**What is expected**.
Find the lines in the listing below that have the word "header" and give their count, nothing else.
[Opening Provided entries section]
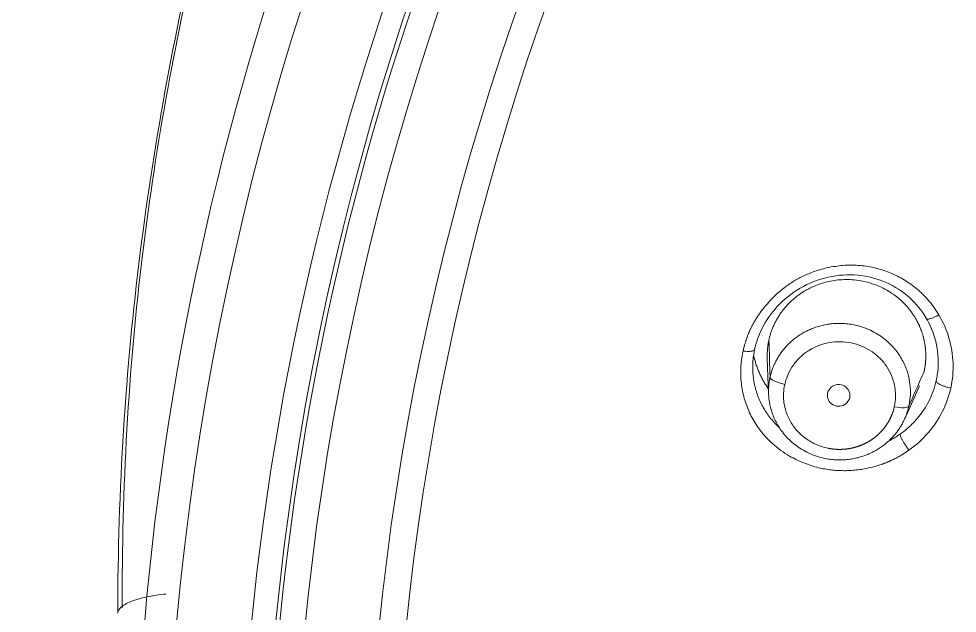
# Model space of a CAD drawing. Extents: x 6534 to 7663, y 0 to 827.
# Drawn here: x 7038.51 to 7057.3, y 539.07 to 550.97 of the extents above; entities that cross this region are included whole.
import ezdxf

# ---------------------------------------------------------------- set-up
doc = ezdxf.new("R2010")
doc.units = 0
doc.header["$LTSCALE"] = 30
doc.header["$MEASUREMENT"] = 0
doc.layers.add('1', color=7, linetype='CONTINUOUS')

msp = doc.modelspace()

# ---------------------------------------------------------------- linework, layer by layer
at = {"layer": '1', "color": 7, "linetype": 'Continuous', "lineweight": 18}
for p, q in [((7053.499691793395, 544.1728813037357), (7053.525636754654, 543.4532155130737)), ((7056.250607689957, 542.9628478806094), (7056.545057013956, 543.6240092853027))]:
    msp.add_line(p, q, dxfattribs=at)
at = {"layer": '1', "color": 7, "linetype": 'Continuous', "lineweight": 13}
msp.add_line((7056.88218088822, 543.7295947271205), (7056.88216684663, 543.7295628435554), dxfattribs=at)
at = {"layer": '1', "color": 7, "linetype": 'Continuous', "lineweight": 18}
for centre, major_axis, ratio, start_param, end_param in [((7103.394459073822, 533.9208478015898), (62.57703589943, 0), 0.9614659969169174, 0, 3.141593206870928), ((7103.394459073841, 533.3074807273692), (-60.5, 3.704556567420745e-15), 0.961465996916715, 4.724169612243257, 7.004196626651515), ((7103.394459073841, 533.4449426646229), (-59.925, 3.669347971945257e-15), 0.961465996916715, 4.712388980381598, 7.853981633974484), ((7103.394459073841, 533.4449426646229), (60, 0), 0.9614659969167146, 1.582576958653465, 4.712388980385212), ((7053.849008147321, 543.7353078782962), (-0.2928377950317864, 0.06513917479600394), 0.2688689929254838, 0.0680853942429805, 1.629968892179969), ((7056.04323114263, 543.2868687404521), (0.2928379914648904, -0.06513823273021889), 0.2688194391949021, 4.77267793523046, 6.229942473766249)]:
    msp.add_ellipse(centre, major_axis=major_axis, ratio=ratio, start_param=start_param, end_param=end_param, dxfattribs=at)
at = {"layer": '1', "color": 7, "linetype": 'Continuous', "lineweight": 13}
for centre, major_axis, ratio, start_param, end_param in [((7103.394459073841, 533.6013644797072), (61.96284250743, 0), 0.9614659969167147, 1.570796326794897, 3.141592647523717), ((7103.394459073841, 533.3074807273701), (59.42499999999999, 0), 0.9614659969167147, 1.570796326794897, 4.701939975486441), ((7103.394459073841, 533.3074807273701), (57.94795379563, 0), 0.9614659969167149, 1.57918664313506, 4.71238898038469), ((7103.394459073841, 533.3518733314663), (57.40309474942, 0), 0.961465996916715, 1.579486275231988, 4.71238898038469)]:
    msp.add_ellipse(centre, major_axis=major_axis, ratio=ratio, start_param=start_param, end_param=end_param, dxfattribs=at)
at = {"layer": '1', "color": 7, "linetype": 'Continuous', "lineweight": 18}
for points, knots in [([(7040.495335583485, 539.0743954198838), (7040.495375012621, 540.309430454327), (7040.534796826194, 541.5291684444405), (7040.686484201206, 543.9334229945171), (7040.798743865589, 545.1180097375191), (7041.090070420118, 547.4485429585166), (7041.269138391587, 548.5944749603523), (7041.688030480564, 550.8446601210444), (7041.92785819816, 551.9489164474094), (7042.462257589615, 554.1133232350858), (7042.756832091029, 555.1734740508969), (7043.394802916262, 557.2477842420617), (7043.738198948302, 558.2619449232602), (7044.468017032275, 560.2428928300337), (7044.854436149557, 561.2096823939096), (7045.664681619643, 563.0950047734973), (7046.088504226211, 564.013545330567), (7046.968144339496, 565.802033941552), (7047.42395665303, 566.6719828571554), (7048.362356762838, 568.3632709763847), (7048.844941778659, 569.1846128408574), (7049.831911688843, 570.7790216661501), (7050.336296433697, 571.5520898611239), (7051.362140086173, 573.0505844892932), (7051.883602071682, 573.7760104967151), (7052.939138273059, 575.180118913202), (7053.473216793484, 575.858799805736), (7054.549796562025, 577.170545816813), (7055.092300860035, 577.8036104396774), (7056.181815033537, 579.0254451074811), (7056.728823316695, 579.6142161231642), (7057.549980359592, 580.4652658228574), (7057.960722739201, 580.882766774042), (7058.439644645401, 581.3560724523231), (7058.678968390118, 581.5893143717644), (7058.798587553228, 581.7050868430683), (7058.858385415593, 581.762761489636), (7058.8882812873, 581.7915459824476), (7058.90322844211, 581.805925029596), (7058.910701822235, 581.8131112544011), (7058.914438462725, 581.8167035422425), (7058.916306770544, 581.8184994800408), (7058.917240921344, 581.8193973974112), (7058.917707995965, 581.8198463432145), (7058.917908170636, 581.8200387457987), (7058.91804162038, 581.8201670135745), (7058.918085154385, 581.8202088570283), (7060.391353624219, 583.2362562935996), (7061.935578980003, 584.579582447865), (7065.149731560021, 587.1093747791838), (7066.819638995216, 588.295825456878), (7070.267654048701, 590.5017266190671), (7072.045753489288, 591.5211722196932), (7075.691867594142, 593.3845618922883), (7077.559857124787, 594.2284906248278), (7081.366919940774, 595.7340607277933), (7083.306026174405, 596.3957117632513), (7087.236181198474, 597.5323435133882), (7089.227212620797, 598.0073103628883), (7093.241699393961, 598.7678179924224), (7095.265149276751, 599.0533504100717), (7099.32495960107, 599.4339423720653), (7101.361314811398, 599.5289927203166), (7103.394459970206, 599.5291235079126)], [0, 0, 0, 0, 0.03125000000024419, 0.03125000000024419, 0.06250000000048839, 0.06250000000048839, 0.09375000000073258, 0.09375000000073258, 0.1250000000009767, 0.1250000000009767, 0.1562500000012209, 0.1562500000012209, 0.1875000000014651, 0.1875000000014651, 0.2187500000017093, 0.2187500000017093, 0.2500000000019535, 0.2500000000019535, 0.2812500000021977, 0.2812500000021977, 0.3125000000024419, 0.3125000000024419, 0.3437500000026861, 0.3437500000026861, 0.3750000000029302, 0.3750000000029302, 0.4062500000031744, 0.4062500000031744, 0.4375000000034186, 0.4375000000034186, 0.4687500000036628, 0.4687500000036628, 0.4843750000037849, 0.4921875000038459, 0.4960937500038763, 0.4980468750038917, 0.4990234375038993, 0.4995117187539029, 0.4997558593789049, 0.4998779296914058, 0.499938964847656, 0.4999694824257812, 0.4999847412148437, 0.4999923706093749, 0.4999961853066406, 0.4999961853066406, 0.5000000000039063, 0.5000000000039063, 0.562500000003418, 0.562500000003418, 0.6250000000029298, 0.6250000000029298, 0.6875000000024415, 0.6875000000024415, 0.7500000000019531, 0.7500000000019531, 0.8125000000014648, 0.8125000000014648, 0.8750000000009766, 0.8750000000009766, 0.9375000000004883, 0.9375000000004883, 1, 1, 1, 1]), ([(7044.62291240372, 560.5198584867958), (7044.309407794847, 559.723392190569), (7043.373898121987, 557.1859222368889), (7041.997311807156, 552.4698740776057), (7040.832727770894, 546.1339042089971), (7040.572342574513, 541.5701576373999), (7040.586073421209, 539.1837189552471)], [0, 0, 0, 0, 0.1171741874526733, 0.3703319587093352, 0.6733466659953624, 1, 1, 1, 1]), ([(7053.015170687417, 544.3209897458155), (7053.016922890402, 544.3287976732431), (7053.020419733153, 544.3443798259154), (7053.02597478522, 544.3676533415014), (7053.03174224443, 544.3907881028413), (7053.037744685916, 544.4137804433831), (7053.043975819095, 544.4366309423449), (7053.050437043516, 544.4593390479172), (7053.057127714982, 544.4819045089571), (7053.064047737771, 544.5043269937037), (7053.071196874205, 544.526606191323), (7053.078574928571, 544.5487417848522), (7053.086181698109, 544.5707334583981), (7053.094016986073, 544.5925808952102), (7053.102080598243, 544.6142837781913), (7053.110372343843, 544.6358417897527), (7053.11889203529, 544.6572546118473), (7053.12763948826, 544.6785219259532), (7053.136614521631, 544.6996434130888), (7053.145816957585, 544.7206187537449), (7053.155246621218, 544.7414476281251), (7053.16490334193, 544.762129715235), (7053.174786948199, 544.7826646962644), (7053.184897286994, 544.8030522419954), (7053.195234151477, 544.8232920596442), (7053.205797549951, 544.8433837185744), (7053.216586704969, 544.8633272988723), (7053.236910662495, 544.8998420660805), (7053.268222315122, 544.9527831733644), (7053.312588070062, 545.0215799242683), (7053.360495370782, 545.090109447126), (7053.429186269725, 545.1812142693129), (7053.521760319133, 545.2916880970511), (7053.628258813494, 545.402344431152), (7053.725957390248, 545.4925640280057), (7053.812124991188, 545.5644465555047), (7053.901099248683, 545.6313337932211), (7053.992881213604, 545.6931957519123), (7054.087444318007, 545.7500401285592), (7054.189486516651, 545.8042817381433), (7054.29906335743, 545.8551528565063), (7054.416201739442, 545.9017690654123), (7054.535822503125, 545.9416973831126), (7054.657904750788, 545.9749513911293), (7054.791861232424, 546.0035792444928), (7054.936849053835, 546.0253221706075), (7055.091801751776, 546.0373162673927), (7055.245806067951, 546.0380407115649), (7055.399964879115, 546.0275163562455), (7055.553425426423, 546.0055656450963), (7055.705215469447, 545.9717482537017), (7055.853390387299, 545.9265066335374), (7055.999092610344, 545.8694263628145), (7056.141108568561, 545.8011863909346), (7056.278013726391, 545.7220601200879), (7056.407390175696, 545.6332444928767), (7056.500450613901, 545.5581872864345), (7056.562032919948, 545.503233555507), (7056.595426170092, 545.4719755661522), (7056.62802837542, 545.4399854857625), (7056.659839054113, 545.4072625015569), (7056.690860161857, 545.3738095515432), (7056.721093061756, 545.3396284425166), (7056.750539378338, 545.3047211813832), (7056.779200606408, 545.2690895277096), (7056.807078820514, 545.2327354525864), (7056.83417421684, 545.1956597455005), (7056.860494271168, 545.1578671487173), (7056.886019393682, 545.1193471182264), (7056.910831866838, 545.0801460476637), (7056.926657629841, 545.0535142858212), (7056.934589539071, 545.0401663848379)], [0, 0, 0, 0, 0.004831707842647737, 0.009642560073269846, 0.01443304030969919, 0.01920363897847942, 0.0239548532729821, 0.02868718710357806, 0.03340115103960346, 0.0380972622428711, 0.0427760443929107, 0.04743802760315619, 0.05208374832852369, 0.05671374926385601, 0.06132857923340922, 0.06592879307100208, 0.07051495149114788, 0.07508762095078754, 0.07964737350185584, 0.08419478663470781, 0.08873044311230013, 0.09325493079546497, 0.09776884245920411, 0.1022727756003357, 0.1067673322365859, 0.1112531186973887, 0.115730745406677, 0.1202008266580587, 0.1359930625203254, 0.1520754799774324, 0.1684703031532935, 0.1851984803367765, 0.2191072243858356, 0.2528935165829879, 0.2749249815760524, 0.2967030040852465, 0.3182847351374303, 0.3397289239198966, 0.3610954541048751, 0.3824448338650404, 0.4069202508499437, 0.4313346902960853, 0.4557687326977307, 0.480302392987034, 0.5050143012413242, 0.5356039526473398, 0.5658054258330054, 0.5957774850921443, 0.6256799203771698, 0.656328970485534, 0.6867420188119412, 0.7170972219304185, 0.7475703910867497, 0.7790739645248176, 0.8102168660182159, 0.8411772621216204, 0.8721340044230538, 0.8812242065476362, 0.8903015204691465, 0.8993708601968144, 0.9084371416519385, 0.9175052752414598, 0.9265801584471314, 0.9356666684903122, 0.9447696551308573, 0.9538939336566317, 0.9630442781163668, 0.9722254148446616, 0.9814420163227523, 0.9906986954131267, 1, 1, 1, 1]), ([(7053.247165959816, 544.3549195489022), (7053.277544872003, 544.4923002463197), (7053.38424482448, 544.7955206283254), (7053.683112223941, 545.2316855658496), (7054.144765993636, 545.6034742175475), (7054.713280482358, 545.827487446666), (7055.316374200551, 545.8670133869991), (7055.88751819771, 545.7196757438928), (7056.35833412484, 545.4145874192714), (7056.588065893317, 545.134210170107), (7056.675720264599, 544.987952304707)], [0, 0, 0, 0, 0.09819200111401083, 0.2204542963983953, 0.3538521255838996, 0.4891404412728869, 0.6227123230504903, 0.753796969819065, 0.8824985534209099, 1, 1, 1, 1]), ([(7053.533332932765, 544.5421058582165), (7053.536116317371, 544.5542743298156), (7053.541689098311, 544.5786375552402), (7053.551239333201, 544.6149566870931), (7053.561672412461, 544.65113110014), (7053.573073360679, 544.6871197884634), (7053.585418274331, 544.7229037939665), (7053.598711724992, 544.7584580912894), (7053.612949812776, 544.7937591653449), (7053.628130088362, 544.8287829945266), (7053.644248876472, 544.8635056134585), (7053.66130198653, 544.8979029827547), (7053.679284513322, 544.9319510454739), (7053.698190882813, 544.9656257338002), (7053.718014832612, 544.9989029894914), (7053.738749410582, 545.0317587810141), (7053.760386969162, 545.0641691219394), (7053.782919161438, 545.0961100893583), (7053.806336937384, 545.1275578426348), (7053.830630540684, 545.1584886424039), (7053.855789506063, 545.1888788698157), (7053.881802657153, 545.2187050460193), (7053.908658104898, 545.247943851859), (7053.936343246542, 545.2765721478095), (7053.964844765107, 545.3045669940088), (7053.994148629756, 545.3319056708274), (7054.024240095598, 545.3585656982791), (7054.055103708441, 545.3845248605553), (7054.086723293884, 545.4097612120781), (7054.119082007986, 545.434253153368), (7054.152162160366, 545.4579792461068), (7054.185945892366, 545.4809190050933), (7054.236555514635, 545.5134153239546), (7054.308077842119, 545.5550537615468), (7054.40530032162, 545.6035584427332), (7054.514810559116, 545.648900407678), (7054.636855818957, 545.6888904847697), (7054.771398876271, 545.7211153383073), (7054.918036950957, 545.742961437832), (7055.075909603856, 545.751668265299), (7055.243659826207, 545.7443618129287), (7055.484423923355, 545.7085741285655), (7055.770658812618, 545.6141030375334), (7056.057554414232, 545.441806598144), (7056.267632731113, 545.2521269085096), (7056.378499689966, 545.1123388852361), (7056.429131259456, 545.0362837051184), (7056.440804512147, 545.0181977969892), (7056.452201265285, 544.9999770487025), (7056.463320519388, 544.9816252725777), (7056.474160895075, 544.9631466291089), (7056.484721197137, 544.9445451906545), (7056.495000263397, 544.9258250569451), (7056.504997004877, 544.9069903229906), (7056.514710394772, 544.8880450864795), (7056.524139471098, 544.8689934446197), (7056.53328333567, 544.849839493822), (7056.542141154036, 544.8305873286295), (7056.550712155148, 544.8112410408562), (7056.558995631087, 544.79180471869), (7056.566990936745, 544.7722824458065), (7056.574697489519, 544.7526783004955), (7056.582114768975, 544.7329963547995), (7056.589242316507, 544.7132406736528), (7056.596079734987, 544.6934153140369), (7056.6026266884, 544.6735243241451), (7056.608882901462, 544.6535717425527), (7056.614848159243, 544.6335615974012), (7056.620522306756, 544.6134979055882), (7056.625905248558, 544.5933846719731), (7056.630996948328, 544.5732258885841), (7056.635797428433, 544.5530255338467), (7056.640306769494, 544.5327875718117), (7056.644525109932, 544.5125159513996), (7056.64845264551, 544.4922146056538), (7056.652089628865, 544.4718874510063), (7056.655436369028, 544.4515383865487), (7056.658493230941, 544.43117129332), (7056.661260634954, 544.4107900336021), (7056.663739056327, 544.3903984502253), (7056.665929024717, 544.3700003658882), (7056.667831123654, 544.3495995824819), (7056.669445990013, 544.3291998804348), (7056.670774313479, 544.30880501806), (7056.671816836007, 544.288418730916), (7056.67257435126, 544.2680447311818), (7056.67304770406, 544.2476867070404), (7056.673237789826, 544.227348322072), (7056.67314555399, 544.2070332146627), (7056.67277199143, 544.1867449974211), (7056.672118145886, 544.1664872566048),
[Closing Provided entries section]
**Response to the task**.
2